Personal information
- Date of birth: 28 March 1966 (age 59)
- Place of birth: Bergerac, France
- Position: Midfielder

Youth career
- 1980–1982: AS Béziers
- 1982–1983: Montpellier

Senior career*
- Years: Team / Apps / (Gls)
- 1983–1986: Montpellier / 87 / (1)
- 1986–1988: Marseille / 61 / (3)
- 1988–1990: Toulouse / 74 / (2)
- 1990–1993: Toulon / 84 / (3)
- 1993–1994: Monaco / 19 / (0)
- 1994–1999: Compostela / 179 / (6)
- 1999–2001: Bolton Wanderers / 38 / (0)
- Total:  / 542 / (15)

International career
- 1988: France U21

Managerial career
- 2004: Compostela (caretaker)
- 2012–2016: Marseille (assistant)
- 2015: Marseille (caretaker)
- 2016: Marseille (caretaker)
- 2017: Lille (interim)
- 2018–2019: Monaco (assistant)
- 2019: Monaco (caretaker)
- 2020: Niort
- 2020–2022: Al-Rayyan (assistant)
- 2022–2024: Lyon (assistant)
- 2024–2025: Al-Ittihad (assistant)

= Franck Passi =

French footballer (born 1966)

Franck Passi (born 28 March 1966) is a French football coach and former player.

==Coaching career==
Passi worked in a player recruitment role for one of his old clubs, Marseille, between 2007 and 2010 before becoming reserve team coach at the club in May 2010. In 2012, he was promoted again, this time as assistant coach to Elie Baup.

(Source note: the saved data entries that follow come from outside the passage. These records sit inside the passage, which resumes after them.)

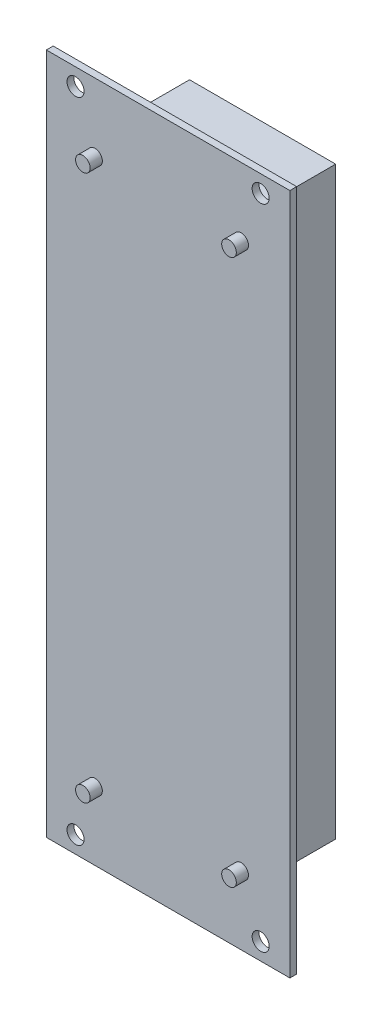
ISO-10303-21;
HEADER;
FILE_DESCRIPTION(('STEP AP214'),'2;1');
FILE_NAME('part.step','',(''),(''),'','','');
FILE_SCHEMA(('AUTOMOTIVE_DESIGN { 1 0 10303 214 1 1 1 1 }'));
ENDSEC;
DATA;
#1=APPLICATION_CONTEXT('core data for automotive mechanical design processes');
#2=APPLICATION_PROTOCOL_DEFINITION('international standard','automotive_design',2000,#1);
#3=PRODUCT_CONTEXT('',#1,'mechanical');
#4=PRODUCT('Part','Part','',(#3));
#5=PRODUCT_RELATED_PRODUCT_CATEGORY('part','',(#4));
#6=PRODUCT_DEFINITION_FORMATION('','',#4);
#7=PRODUCT_DEFINITION_CONTEXT('part definition',#1,'design');
#8=PRODUCT_DEFINITION('design','',#6,#7);
#9=PRODUCT_DEFINITION_SHAPE('','',#8);
#10=(LENGTH_UNIT() NAMED_UNIT(*) SI_UNIT(.MILLI.,.METRE.));
#11=(NAMED_UNIT(*) PLANE_ANGLE_UNIT() SI_UNIT($,.RADIAN.));
#12=(NAMED_UNIT(*) SI_UNIT($,.STERADIAN.) SOLID_ANGLE_UNIT());
#13=UNCERTAINTY_MEASURE_WITH_UNIT(LENGTH_MEASURE(1.E-05),#10,'distance_accuracy_value','');
#14=(GEOMETRIC_REPRESENTATION_CONTEXT(3) GLOBAL_UNCERTAINTY_ASSIGNED_CONTEXT((#13)) GLOBAL_UNIT_ASSIGNED_CONTEXT((#10,
#11,#12)) REPRESENTATION_CONTEXT('',''));
#15=CARTESIAN_POINT('',(0.,0.,0.));
#16=DIRECTION('',(0.,0.,1.));
#17=DIRECTION('',(1.,0.,0.));
#18=AXIS2_PLACEMENT_3D('',#15,#16,#17);
#19=CARTESIAN_POINT('',(25.,-70.,0.7));
#20=DIRECTION('',(-1.,0.,0.));
#21=DIRECTION('',(0.,0.,1.));
#22=AXIS2_PLACEMENT_3D('',#19,#20,#21);
#23=PLANE('',#22);
#24=DIRECTION('',(0.,1.,0.));
#25=VECTOR('',#24,1.);
#26=CARTESIAN_POINT('',(25.,-70.,-0.7));
#27=LINE('',#26,#25);
#28=CARTESIAN_POINT('',(25.,-70.,-0.7));
#29=VERTEX_POINT('',#28);
#30=CARTESIAN_POINT('',(25.,70.,-0.7));
#31=VERTEX_POINT('',#30);
#32=EDGE_CURVE('E122',#29,#31,#27,.T.);
#33=ORIENTED_EDGE('',*,*,#32,.T.);
#34=DIRECTION('',(0.,0.,-1.));
#35=VECTOR('',#34,1.);
#36=CARTESIAN_POINT('',(25.,70.,0.7));
#37=LINE('',#36,#35);
#38=CARTESIAN_POINT('',(25.,70.,0.7));
#39=VERTEX_POINT('',#38);
#40=EDGE_CURVE('E156',#39,#31,#37,.T.);
#41=ORIENTED_EDGE('',*,*,#40,.F.);
#42=DIRECTION('',(0.,1.,0.));
#43=VECTOR('',#42,1.);
#44=CARTESIAN_POINT('',(25.,-70.,0.7));
#45=LINE('',#44,#43);
#46=CARTESIAN_POINT('',(25.,-70.,0.7));
#47=VERTEX_POINT('',#46);
#48=EDGE_CURVE('E131',#47,#39,#45,.T.);
#49=ORIENTED_EDGE('',*,*,#48,.F.);
#50=DIRECTION('',(0.,0.,-1.));
#51=VECTOR('',#50,1.);
#52=CARTESIAN_POINT('',(25.,-70.,0.7));
#53=LINE('',#52,#51);
#54=EDGE_CURVE('E142',#47,#29,#53,.T.);
#55=ORIENTED_EDGE('',*,*,#54,.T.);
#56=EDGE_LOOP('',(#33,#41,#49,#55));
#57=FACE_BOUND('',#56,.T.);
#58=ADVANCED_FACE('F38',(#57),#23,.F.);
#59=CARTESIAN_POINT('',(-25.,70.,0.7));
#60=DIRECTION('',(0.,-1.,0.));
#61=DIRECTION('',(0.,0.,-1.));
#62=AXIS2_PLACEMENT_3D('',#59,#60,#61);
#63=PLANE('',#62);
#64=DIRECTION('',(-1.,0.,0.));
#65=VECTOR('',#64,1.);
#66=CARTESIAN_POINT('',(-25.,70.,-0.7));
#67=LINE('',#66,#65);
#68=CARTESIAN_POINT('',(-25.,70.,-0.7));
#69=VERTEX_POINT('',#68);
#70=EDGE_CURVE('E125',#31,#69,#67,.T.);
#71=ORIENTED_EDGE('',*,*,#70,.T.);
#72=DIRECTION('',(0.,0.,-1.));
#73=VECTOR('',#72,1.);
#74=CARTESIAN_POINT('',(-25.,70.,0.7));
#75=LINE('',#74,#73);
#76=CARTESIAN_POINT('',(-25.,70.,0.7));
#77=VERTEX_POINT('',#76);
#78=EDGE_CURVE('E153',#77,#69,#75,.T.);
#79=ORIENTED_EDGE('',*,*,#78,.F.);
#80=DIRECTION('',(-1.,0.,0.));
#81=VECTOR('',#80,1.);
#82=CARTESIAN_POINT('',(-25.,70.,0.7));
#83=LINE('',#82,#81);
#84=EDGE_CURVE('E135',#39,#77,#83,.T.);
#85=ORIENTED_EDGE('',*,*,#84,.F.);
#86=ORIENTED_EDGE('',*,*,#40,.T.);
#87=EDGE_LOOP('',(#71,#79,#85,#86));
#88=FACE_BOUND('',#87,.T.);
#89=ADVANCED_FACE('F204',(#88),#63,.F.);
#90=CARTESIAN_POINT('',(-25.,-70.,0.7));
#91=DIRECTION('',(1.,0.,0.));
#92=DIRECTION('',(0.,0.,-1.));
#93=AXIS2_PLACEMENT_3D('',#90,#91,#92);
#94=PLANE('',#93);
#95=DIRECTION('',(0.,-1.,0.));
#96=VECTOR('',#95,1.);
#97=CARTESIAN_POINT('',(-25.,-70.,-0.7));
#98=LINE('',#97,#96);
#99=CARTESIAN_POINT('',(-25.,-70.,-0.7));
#100=VERTEX_POINT('',#99);
#101=EDGE_CURVE('E145',#69,#100,#98,.T.);
#102=ORIENTED_EDGE('',*,*,#101,.T.);
#103=DIRECTION('',(0.,0.,-1.));
#104=VECTOR('',#103,1.);
#105=CARTESIAN_POINT('',(-25.,-70.,0.7));
#106=LINE('',#105,#104);
#107=CARTESIAN_POINT('',(-25.,-70.,0.7));
#108=VERTEX_POINT('',#107);
#109=EDGE_CURVE('E150',#108,#100,#106,.T.);
#110=ORIENTED_EDGE('',*,*,#109,.F.);
#111=DIRECTION('',(0.,-1.,0.));
#112=VECTOR('',#111,1.);
#113=CARTESIAN_POINT('',(-25.,-70.,0.7));
#114=LINE('',#113,#112);
#115=EDGE_CURVE('E139',#77,#108,#114,.T.);
#116=ORIENTED_EDGE('',*,*,#115,.F.);
#117=ORIENTED_EDGE('',*,*,#78,.T.);
#118=EDGE_LOOP('',(#102,#110,#116,#117));
#119=FACE_BOUND('',#118,.T.);
#120=ADVANCED_FACE('F209',(#119),#94,.F.);
#121=CARTESIAN_POINT('',(-25.,-70.,0.7));
#122=DIRECTION('',(0.,1.,0.));
#123=DIRECTION('',(0.,0.,1.));
#124=AXIS2_PLACEMENT_3D('',#121,#122,#123);
#125=PLANE('',#124);
#126=DIRECTION('',(1.,0.,0.));
#127=VECTOR('',#126,1.);
#128=CARTESIAN_POINT('',(-25.,-70.,-0.7));
#129=LINE('',#128,#127);
#130=EDGE_CURVE('E136',#100,#29,#129,.T.);
#131=ORIENTED_EDGE('',*,*,#130,.T.);
#132=ORIENTED_EDGE('',*,*,#54,.F.);
#133=DIRECTION('',(1.,0.,0.));
#134=VECTOR('',#133,1.);
#135=CARTESIAN_POINT('',(-25.,-70.,0.7));
#136=LINE('',#135,#134);
#137=EDGE_CURVE('E141',#108,#47,#136,.T.);
#138=ORIENTED_EDGE('',*,*,#137,.F.);
#139=ORIENTED_EDGE('',*,*,#109,.T.);
#140=EDGE_LOOP('',(#131,#132,#138,#139));
#141=FACE_BOUND('',#140,.T.);
#142=ADVANCED_FACE('F173',(#141),#125,.F.);
#143=CARTESIAN_POINT('',(0.,0.,0.7));
#144=DIRECTION('',(0.,0.,-1.));
#145=DIRECTION('',(-1.,0.,0.));
#146=AXIS2_PLACEMENT_3D('',#143,#144,#145);
#147=PLANE('',#146);
#148=CARTESIAN_POINT('',(15.,-56.,0.7));
#149=DIRECTION('',(0.,0.,-1.));
#150=DIRECTION('',(-1.,0.,0.));
#151=AXIS2_PLACEMENT_3D('',#148,#149,#150);
#152=CIRCLE('',#151,1.5);
#153=CARTESIAN_POINT('',(13.5,-56.,0.7));
#154=VERTEX_POINT('',#153);
#155=EDGE_CURVE('E11',#154,#154,#152,.F.);
#156=ORIENTED_EDGE('',*,*,#155,.F.);
#157=EDGE_LOOP('',(#156));
#158=FACE_BOUND('',#157,.T.);
#159=CARTESIAN_POINT('',(-15.,-56.,0.7));
#160=DIRECTION('',(0.,0.,-1.));
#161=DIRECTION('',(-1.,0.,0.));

After the departure of Baup in December 2013, Passi continued his duties as assistant coach under José Anigo, as well as under Argentine coach Marcelo Bielsa.

In August 2015, after Bielsa left following defeat in the opening game of the season, Passi was appointed caretaker boss. In the one game of his tenure, his Ligue 1 debut away to Reims, the team lost 1–0.

On 19 April 2016, Bielsa's successor Míchel was sacked on the day before the Coupe de France semi-final against Sochaux, and Passi took temporary charge for the second time in the season. He won the game 1–0 through Florian Thauvin's goal. In the 2016 Coupe de France Final, the team lost 4–2 to Le Classique rivals Paris Saint-Germain. Passi saved Marseille from relegation and led the club for exactly six months until October 2016, when Rudi Garcia was hired as Míchel's replacement following the club's takeover by Frank McCourt.

In February 2017, Passi was named caretaker boss of fourth-from-bottom Lille, to pave the way for Bielsa's arrival in the summer. On 24 January 2019, Passi was named caretaker coach of Monaco, following the suspension of Thierry Henry. He oversaw the team for just one match, a 2–0 defeat to Dijon, before Leonardo Jardim was installed as permanent coach.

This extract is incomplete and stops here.